→ ABOUT THIS TASK
Each line of the listing that contains "symbols" should be found and copied.

[Start of Attachment]

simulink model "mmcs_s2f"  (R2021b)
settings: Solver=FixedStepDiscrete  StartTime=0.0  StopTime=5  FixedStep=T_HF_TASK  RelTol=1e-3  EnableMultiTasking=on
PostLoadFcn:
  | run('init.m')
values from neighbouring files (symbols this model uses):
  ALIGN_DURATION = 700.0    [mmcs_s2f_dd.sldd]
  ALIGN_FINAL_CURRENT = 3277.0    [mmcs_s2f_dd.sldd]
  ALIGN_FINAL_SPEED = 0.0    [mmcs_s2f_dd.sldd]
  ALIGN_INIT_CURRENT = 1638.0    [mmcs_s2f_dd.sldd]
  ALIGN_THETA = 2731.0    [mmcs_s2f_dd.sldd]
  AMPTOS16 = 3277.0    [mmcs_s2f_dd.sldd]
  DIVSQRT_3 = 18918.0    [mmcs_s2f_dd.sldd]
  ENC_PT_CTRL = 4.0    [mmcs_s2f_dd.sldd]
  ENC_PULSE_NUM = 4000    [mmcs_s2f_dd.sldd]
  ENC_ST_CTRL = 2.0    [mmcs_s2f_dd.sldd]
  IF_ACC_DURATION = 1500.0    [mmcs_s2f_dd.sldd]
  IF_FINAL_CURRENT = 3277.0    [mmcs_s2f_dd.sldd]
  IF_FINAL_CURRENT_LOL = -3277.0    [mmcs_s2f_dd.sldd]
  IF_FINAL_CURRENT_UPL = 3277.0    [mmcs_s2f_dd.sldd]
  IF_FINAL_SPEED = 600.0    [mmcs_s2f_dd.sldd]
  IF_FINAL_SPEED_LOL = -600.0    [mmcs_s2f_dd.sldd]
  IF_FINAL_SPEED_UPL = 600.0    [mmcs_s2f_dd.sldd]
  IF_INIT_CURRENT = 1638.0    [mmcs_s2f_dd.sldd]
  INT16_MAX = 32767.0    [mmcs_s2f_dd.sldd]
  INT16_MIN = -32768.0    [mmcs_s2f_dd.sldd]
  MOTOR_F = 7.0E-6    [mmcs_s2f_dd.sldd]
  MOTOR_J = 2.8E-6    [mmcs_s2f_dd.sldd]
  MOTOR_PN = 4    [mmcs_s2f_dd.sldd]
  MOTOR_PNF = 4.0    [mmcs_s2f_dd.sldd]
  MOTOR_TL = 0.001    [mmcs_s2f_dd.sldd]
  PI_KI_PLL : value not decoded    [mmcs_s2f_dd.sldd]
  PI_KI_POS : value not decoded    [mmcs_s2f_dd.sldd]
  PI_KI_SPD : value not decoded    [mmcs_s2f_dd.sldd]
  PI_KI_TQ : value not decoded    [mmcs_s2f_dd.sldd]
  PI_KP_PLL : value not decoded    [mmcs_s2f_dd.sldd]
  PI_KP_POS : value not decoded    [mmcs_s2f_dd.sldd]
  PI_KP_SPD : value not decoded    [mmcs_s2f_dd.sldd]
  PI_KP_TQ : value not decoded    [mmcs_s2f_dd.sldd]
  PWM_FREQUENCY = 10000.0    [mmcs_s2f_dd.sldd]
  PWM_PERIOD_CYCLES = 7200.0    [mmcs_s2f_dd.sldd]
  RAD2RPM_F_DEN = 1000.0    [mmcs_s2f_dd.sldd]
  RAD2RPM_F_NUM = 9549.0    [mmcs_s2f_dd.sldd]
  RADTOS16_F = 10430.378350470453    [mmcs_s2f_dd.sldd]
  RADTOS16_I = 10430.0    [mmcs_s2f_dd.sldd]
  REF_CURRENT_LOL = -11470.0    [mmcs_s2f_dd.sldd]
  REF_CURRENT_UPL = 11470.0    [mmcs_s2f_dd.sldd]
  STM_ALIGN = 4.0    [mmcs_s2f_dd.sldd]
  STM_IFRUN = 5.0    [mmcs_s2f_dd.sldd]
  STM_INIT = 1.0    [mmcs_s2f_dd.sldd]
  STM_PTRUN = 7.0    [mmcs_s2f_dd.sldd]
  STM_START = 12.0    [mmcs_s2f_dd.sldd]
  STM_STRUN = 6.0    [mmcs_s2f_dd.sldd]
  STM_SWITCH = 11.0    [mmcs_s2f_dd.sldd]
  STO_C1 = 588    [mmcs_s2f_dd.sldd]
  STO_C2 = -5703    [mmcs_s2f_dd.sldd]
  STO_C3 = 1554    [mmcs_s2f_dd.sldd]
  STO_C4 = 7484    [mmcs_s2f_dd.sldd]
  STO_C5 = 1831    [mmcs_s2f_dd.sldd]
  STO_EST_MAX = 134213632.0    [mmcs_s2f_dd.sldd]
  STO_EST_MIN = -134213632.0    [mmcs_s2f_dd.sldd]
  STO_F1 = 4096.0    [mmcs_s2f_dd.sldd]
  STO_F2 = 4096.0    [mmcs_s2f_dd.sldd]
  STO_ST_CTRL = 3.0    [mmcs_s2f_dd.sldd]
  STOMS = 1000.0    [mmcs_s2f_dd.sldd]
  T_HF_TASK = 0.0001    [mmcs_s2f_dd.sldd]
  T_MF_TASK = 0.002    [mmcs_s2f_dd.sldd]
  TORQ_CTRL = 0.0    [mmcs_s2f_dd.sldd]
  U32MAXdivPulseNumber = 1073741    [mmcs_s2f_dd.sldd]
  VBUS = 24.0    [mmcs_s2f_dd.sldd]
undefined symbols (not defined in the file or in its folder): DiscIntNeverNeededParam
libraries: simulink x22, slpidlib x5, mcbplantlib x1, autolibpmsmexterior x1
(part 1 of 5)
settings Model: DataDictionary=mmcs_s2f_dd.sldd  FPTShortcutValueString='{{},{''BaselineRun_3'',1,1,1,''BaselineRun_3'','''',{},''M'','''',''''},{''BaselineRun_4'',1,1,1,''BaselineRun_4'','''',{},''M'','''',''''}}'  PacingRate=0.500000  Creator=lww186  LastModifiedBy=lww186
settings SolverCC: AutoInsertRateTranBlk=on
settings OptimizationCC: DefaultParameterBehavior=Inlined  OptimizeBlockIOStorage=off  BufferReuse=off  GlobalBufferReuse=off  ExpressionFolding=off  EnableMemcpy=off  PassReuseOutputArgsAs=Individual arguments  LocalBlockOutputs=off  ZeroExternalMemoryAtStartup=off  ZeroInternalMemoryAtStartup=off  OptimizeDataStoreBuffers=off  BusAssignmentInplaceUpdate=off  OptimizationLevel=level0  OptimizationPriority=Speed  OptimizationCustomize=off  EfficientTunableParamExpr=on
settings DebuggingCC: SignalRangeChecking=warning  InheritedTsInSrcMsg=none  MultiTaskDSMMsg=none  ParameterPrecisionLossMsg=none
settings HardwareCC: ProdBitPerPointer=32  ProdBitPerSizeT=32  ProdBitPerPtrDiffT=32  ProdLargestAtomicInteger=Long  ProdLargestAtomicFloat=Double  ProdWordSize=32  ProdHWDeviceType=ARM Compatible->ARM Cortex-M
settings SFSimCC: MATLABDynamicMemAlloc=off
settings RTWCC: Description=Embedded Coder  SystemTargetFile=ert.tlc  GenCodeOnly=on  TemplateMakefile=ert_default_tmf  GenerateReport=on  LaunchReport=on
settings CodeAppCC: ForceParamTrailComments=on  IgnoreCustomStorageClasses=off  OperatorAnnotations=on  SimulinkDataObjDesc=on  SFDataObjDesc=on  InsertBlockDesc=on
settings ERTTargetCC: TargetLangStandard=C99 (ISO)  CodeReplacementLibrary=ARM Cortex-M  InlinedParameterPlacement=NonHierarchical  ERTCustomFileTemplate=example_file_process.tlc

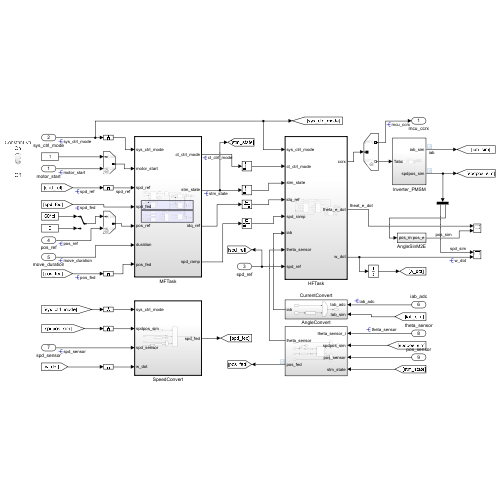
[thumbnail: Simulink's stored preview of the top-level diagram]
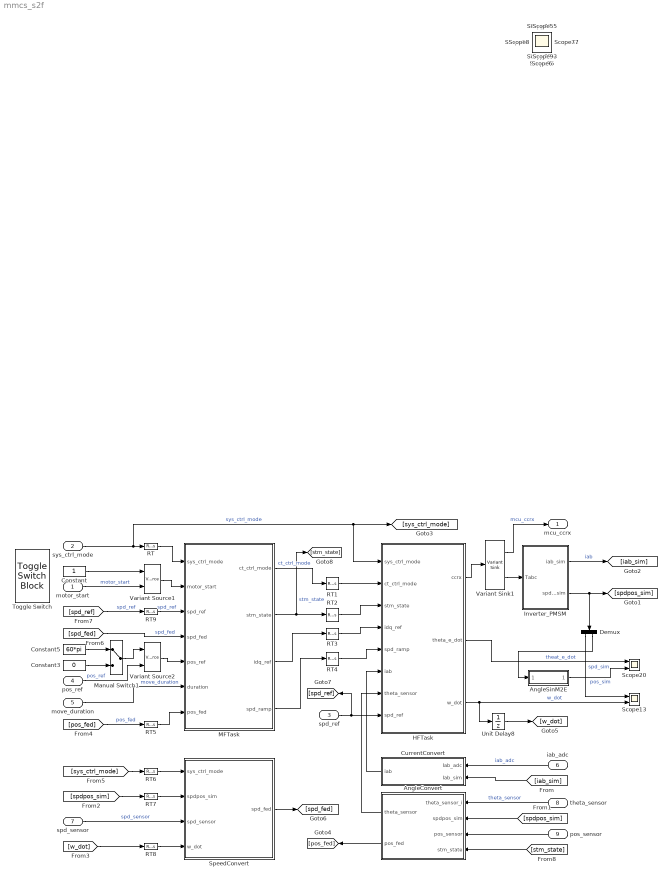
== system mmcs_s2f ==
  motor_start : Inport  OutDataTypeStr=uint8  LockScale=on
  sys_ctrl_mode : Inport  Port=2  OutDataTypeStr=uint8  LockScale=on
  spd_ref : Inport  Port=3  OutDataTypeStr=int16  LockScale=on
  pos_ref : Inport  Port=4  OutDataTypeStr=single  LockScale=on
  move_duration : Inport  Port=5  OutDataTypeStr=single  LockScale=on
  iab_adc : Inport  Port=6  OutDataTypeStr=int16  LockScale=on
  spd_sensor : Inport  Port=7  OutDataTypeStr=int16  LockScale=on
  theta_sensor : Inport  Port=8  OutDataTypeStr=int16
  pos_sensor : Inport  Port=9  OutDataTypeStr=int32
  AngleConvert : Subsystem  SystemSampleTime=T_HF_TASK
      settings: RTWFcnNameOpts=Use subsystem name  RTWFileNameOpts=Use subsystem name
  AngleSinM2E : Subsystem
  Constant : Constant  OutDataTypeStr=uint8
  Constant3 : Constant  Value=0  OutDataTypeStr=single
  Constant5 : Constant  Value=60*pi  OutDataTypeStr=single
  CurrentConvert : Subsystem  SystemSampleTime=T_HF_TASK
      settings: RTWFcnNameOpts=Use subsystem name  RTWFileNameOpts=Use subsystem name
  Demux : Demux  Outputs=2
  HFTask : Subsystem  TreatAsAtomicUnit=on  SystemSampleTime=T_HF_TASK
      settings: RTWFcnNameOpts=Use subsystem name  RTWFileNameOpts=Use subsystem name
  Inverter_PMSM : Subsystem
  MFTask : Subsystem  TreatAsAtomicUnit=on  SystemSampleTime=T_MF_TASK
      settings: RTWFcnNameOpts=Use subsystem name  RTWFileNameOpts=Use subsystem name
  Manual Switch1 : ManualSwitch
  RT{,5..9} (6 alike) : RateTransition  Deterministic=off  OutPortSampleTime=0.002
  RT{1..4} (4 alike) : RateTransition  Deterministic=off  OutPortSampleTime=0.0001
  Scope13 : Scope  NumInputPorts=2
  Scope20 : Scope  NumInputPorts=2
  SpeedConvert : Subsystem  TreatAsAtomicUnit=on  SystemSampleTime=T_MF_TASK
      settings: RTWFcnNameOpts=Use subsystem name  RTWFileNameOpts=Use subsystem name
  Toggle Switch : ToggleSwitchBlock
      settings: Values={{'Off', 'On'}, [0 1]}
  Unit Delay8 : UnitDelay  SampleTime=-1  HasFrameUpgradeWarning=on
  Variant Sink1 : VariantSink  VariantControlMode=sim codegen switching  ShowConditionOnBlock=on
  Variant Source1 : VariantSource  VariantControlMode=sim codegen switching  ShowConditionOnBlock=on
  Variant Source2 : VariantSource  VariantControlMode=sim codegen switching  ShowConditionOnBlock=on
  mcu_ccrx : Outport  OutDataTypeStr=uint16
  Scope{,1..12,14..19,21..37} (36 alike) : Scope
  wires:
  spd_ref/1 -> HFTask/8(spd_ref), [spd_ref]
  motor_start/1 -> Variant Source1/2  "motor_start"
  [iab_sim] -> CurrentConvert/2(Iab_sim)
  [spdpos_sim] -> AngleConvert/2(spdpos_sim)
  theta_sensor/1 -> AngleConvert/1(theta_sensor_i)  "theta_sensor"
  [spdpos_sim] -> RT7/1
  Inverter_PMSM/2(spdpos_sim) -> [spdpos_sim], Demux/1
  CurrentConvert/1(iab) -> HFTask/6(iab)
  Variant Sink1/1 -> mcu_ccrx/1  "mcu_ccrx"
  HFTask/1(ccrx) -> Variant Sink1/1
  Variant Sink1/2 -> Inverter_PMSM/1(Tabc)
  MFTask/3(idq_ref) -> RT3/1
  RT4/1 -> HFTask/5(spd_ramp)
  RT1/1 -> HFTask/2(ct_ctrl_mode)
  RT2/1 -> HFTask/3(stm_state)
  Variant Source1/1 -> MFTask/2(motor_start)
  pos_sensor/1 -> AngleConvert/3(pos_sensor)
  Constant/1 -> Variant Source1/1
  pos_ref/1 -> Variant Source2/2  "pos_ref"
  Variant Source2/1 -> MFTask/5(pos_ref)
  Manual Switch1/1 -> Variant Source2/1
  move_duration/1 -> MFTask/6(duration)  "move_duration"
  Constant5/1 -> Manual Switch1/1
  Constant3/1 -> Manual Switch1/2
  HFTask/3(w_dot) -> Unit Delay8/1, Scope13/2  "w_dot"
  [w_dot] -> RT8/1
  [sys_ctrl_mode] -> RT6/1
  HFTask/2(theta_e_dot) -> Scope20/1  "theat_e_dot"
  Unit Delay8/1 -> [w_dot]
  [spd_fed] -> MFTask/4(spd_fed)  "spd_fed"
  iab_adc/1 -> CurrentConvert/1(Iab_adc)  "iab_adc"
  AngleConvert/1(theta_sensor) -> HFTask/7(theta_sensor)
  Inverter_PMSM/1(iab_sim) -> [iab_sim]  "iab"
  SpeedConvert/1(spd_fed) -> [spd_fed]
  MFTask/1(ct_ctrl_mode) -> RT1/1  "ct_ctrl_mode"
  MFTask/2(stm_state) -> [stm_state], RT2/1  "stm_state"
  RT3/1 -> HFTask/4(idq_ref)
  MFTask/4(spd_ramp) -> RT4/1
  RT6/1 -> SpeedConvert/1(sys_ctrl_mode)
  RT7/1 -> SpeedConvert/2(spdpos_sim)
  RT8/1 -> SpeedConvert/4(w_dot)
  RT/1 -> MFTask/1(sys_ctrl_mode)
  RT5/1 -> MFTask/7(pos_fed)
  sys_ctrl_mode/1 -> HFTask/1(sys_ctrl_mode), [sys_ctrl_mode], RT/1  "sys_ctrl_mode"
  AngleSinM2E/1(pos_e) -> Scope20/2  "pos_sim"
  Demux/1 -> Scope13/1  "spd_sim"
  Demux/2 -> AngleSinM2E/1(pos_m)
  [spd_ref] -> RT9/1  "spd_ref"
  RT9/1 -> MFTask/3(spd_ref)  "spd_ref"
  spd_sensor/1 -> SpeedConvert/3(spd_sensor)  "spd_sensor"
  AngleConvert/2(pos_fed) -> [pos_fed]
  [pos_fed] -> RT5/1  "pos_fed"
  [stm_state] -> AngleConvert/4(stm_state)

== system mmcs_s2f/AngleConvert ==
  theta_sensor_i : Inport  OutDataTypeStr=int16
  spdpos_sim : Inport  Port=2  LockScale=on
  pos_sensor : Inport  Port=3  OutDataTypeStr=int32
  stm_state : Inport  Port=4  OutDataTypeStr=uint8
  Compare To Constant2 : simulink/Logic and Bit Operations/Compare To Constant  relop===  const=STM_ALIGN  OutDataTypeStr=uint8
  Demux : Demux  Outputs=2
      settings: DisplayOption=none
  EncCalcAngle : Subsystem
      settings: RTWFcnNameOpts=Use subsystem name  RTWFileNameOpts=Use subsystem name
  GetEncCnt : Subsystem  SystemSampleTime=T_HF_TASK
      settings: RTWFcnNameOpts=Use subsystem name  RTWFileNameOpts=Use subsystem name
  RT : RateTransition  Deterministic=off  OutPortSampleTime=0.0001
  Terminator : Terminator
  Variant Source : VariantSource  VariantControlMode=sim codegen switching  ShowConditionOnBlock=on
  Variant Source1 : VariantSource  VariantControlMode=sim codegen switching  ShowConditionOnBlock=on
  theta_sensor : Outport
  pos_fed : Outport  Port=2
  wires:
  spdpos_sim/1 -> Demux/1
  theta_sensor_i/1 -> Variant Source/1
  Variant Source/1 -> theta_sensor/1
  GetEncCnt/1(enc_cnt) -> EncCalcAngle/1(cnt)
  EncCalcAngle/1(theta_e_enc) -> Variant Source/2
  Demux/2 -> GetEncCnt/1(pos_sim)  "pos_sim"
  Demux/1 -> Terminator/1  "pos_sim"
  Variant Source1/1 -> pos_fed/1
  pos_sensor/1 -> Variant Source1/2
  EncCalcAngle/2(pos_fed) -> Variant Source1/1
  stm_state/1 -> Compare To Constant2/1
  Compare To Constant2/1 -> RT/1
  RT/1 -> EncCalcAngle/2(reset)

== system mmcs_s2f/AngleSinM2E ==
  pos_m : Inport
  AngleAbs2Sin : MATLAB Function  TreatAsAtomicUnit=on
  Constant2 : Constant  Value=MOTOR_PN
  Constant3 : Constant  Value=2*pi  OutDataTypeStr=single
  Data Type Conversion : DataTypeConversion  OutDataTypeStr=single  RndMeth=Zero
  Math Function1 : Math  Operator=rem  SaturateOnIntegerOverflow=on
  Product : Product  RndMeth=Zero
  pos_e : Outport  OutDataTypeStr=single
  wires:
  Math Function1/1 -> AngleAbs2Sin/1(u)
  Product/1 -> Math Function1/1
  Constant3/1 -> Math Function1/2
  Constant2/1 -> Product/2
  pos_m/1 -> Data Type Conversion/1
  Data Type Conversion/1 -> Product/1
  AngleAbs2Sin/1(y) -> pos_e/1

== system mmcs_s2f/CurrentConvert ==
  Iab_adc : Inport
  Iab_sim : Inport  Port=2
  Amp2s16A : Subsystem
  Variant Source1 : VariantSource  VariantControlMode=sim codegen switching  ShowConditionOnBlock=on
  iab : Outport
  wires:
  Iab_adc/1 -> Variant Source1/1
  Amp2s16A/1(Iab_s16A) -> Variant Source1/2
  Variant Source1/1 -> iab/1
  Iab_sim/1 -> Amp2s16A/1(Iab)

[End of Attachment]

→ ANSWER AREA
values from neighbouring files (symbols this model uses):
undefined symbols (not defined in the file or in its folder): DiscIntNeverNeededParam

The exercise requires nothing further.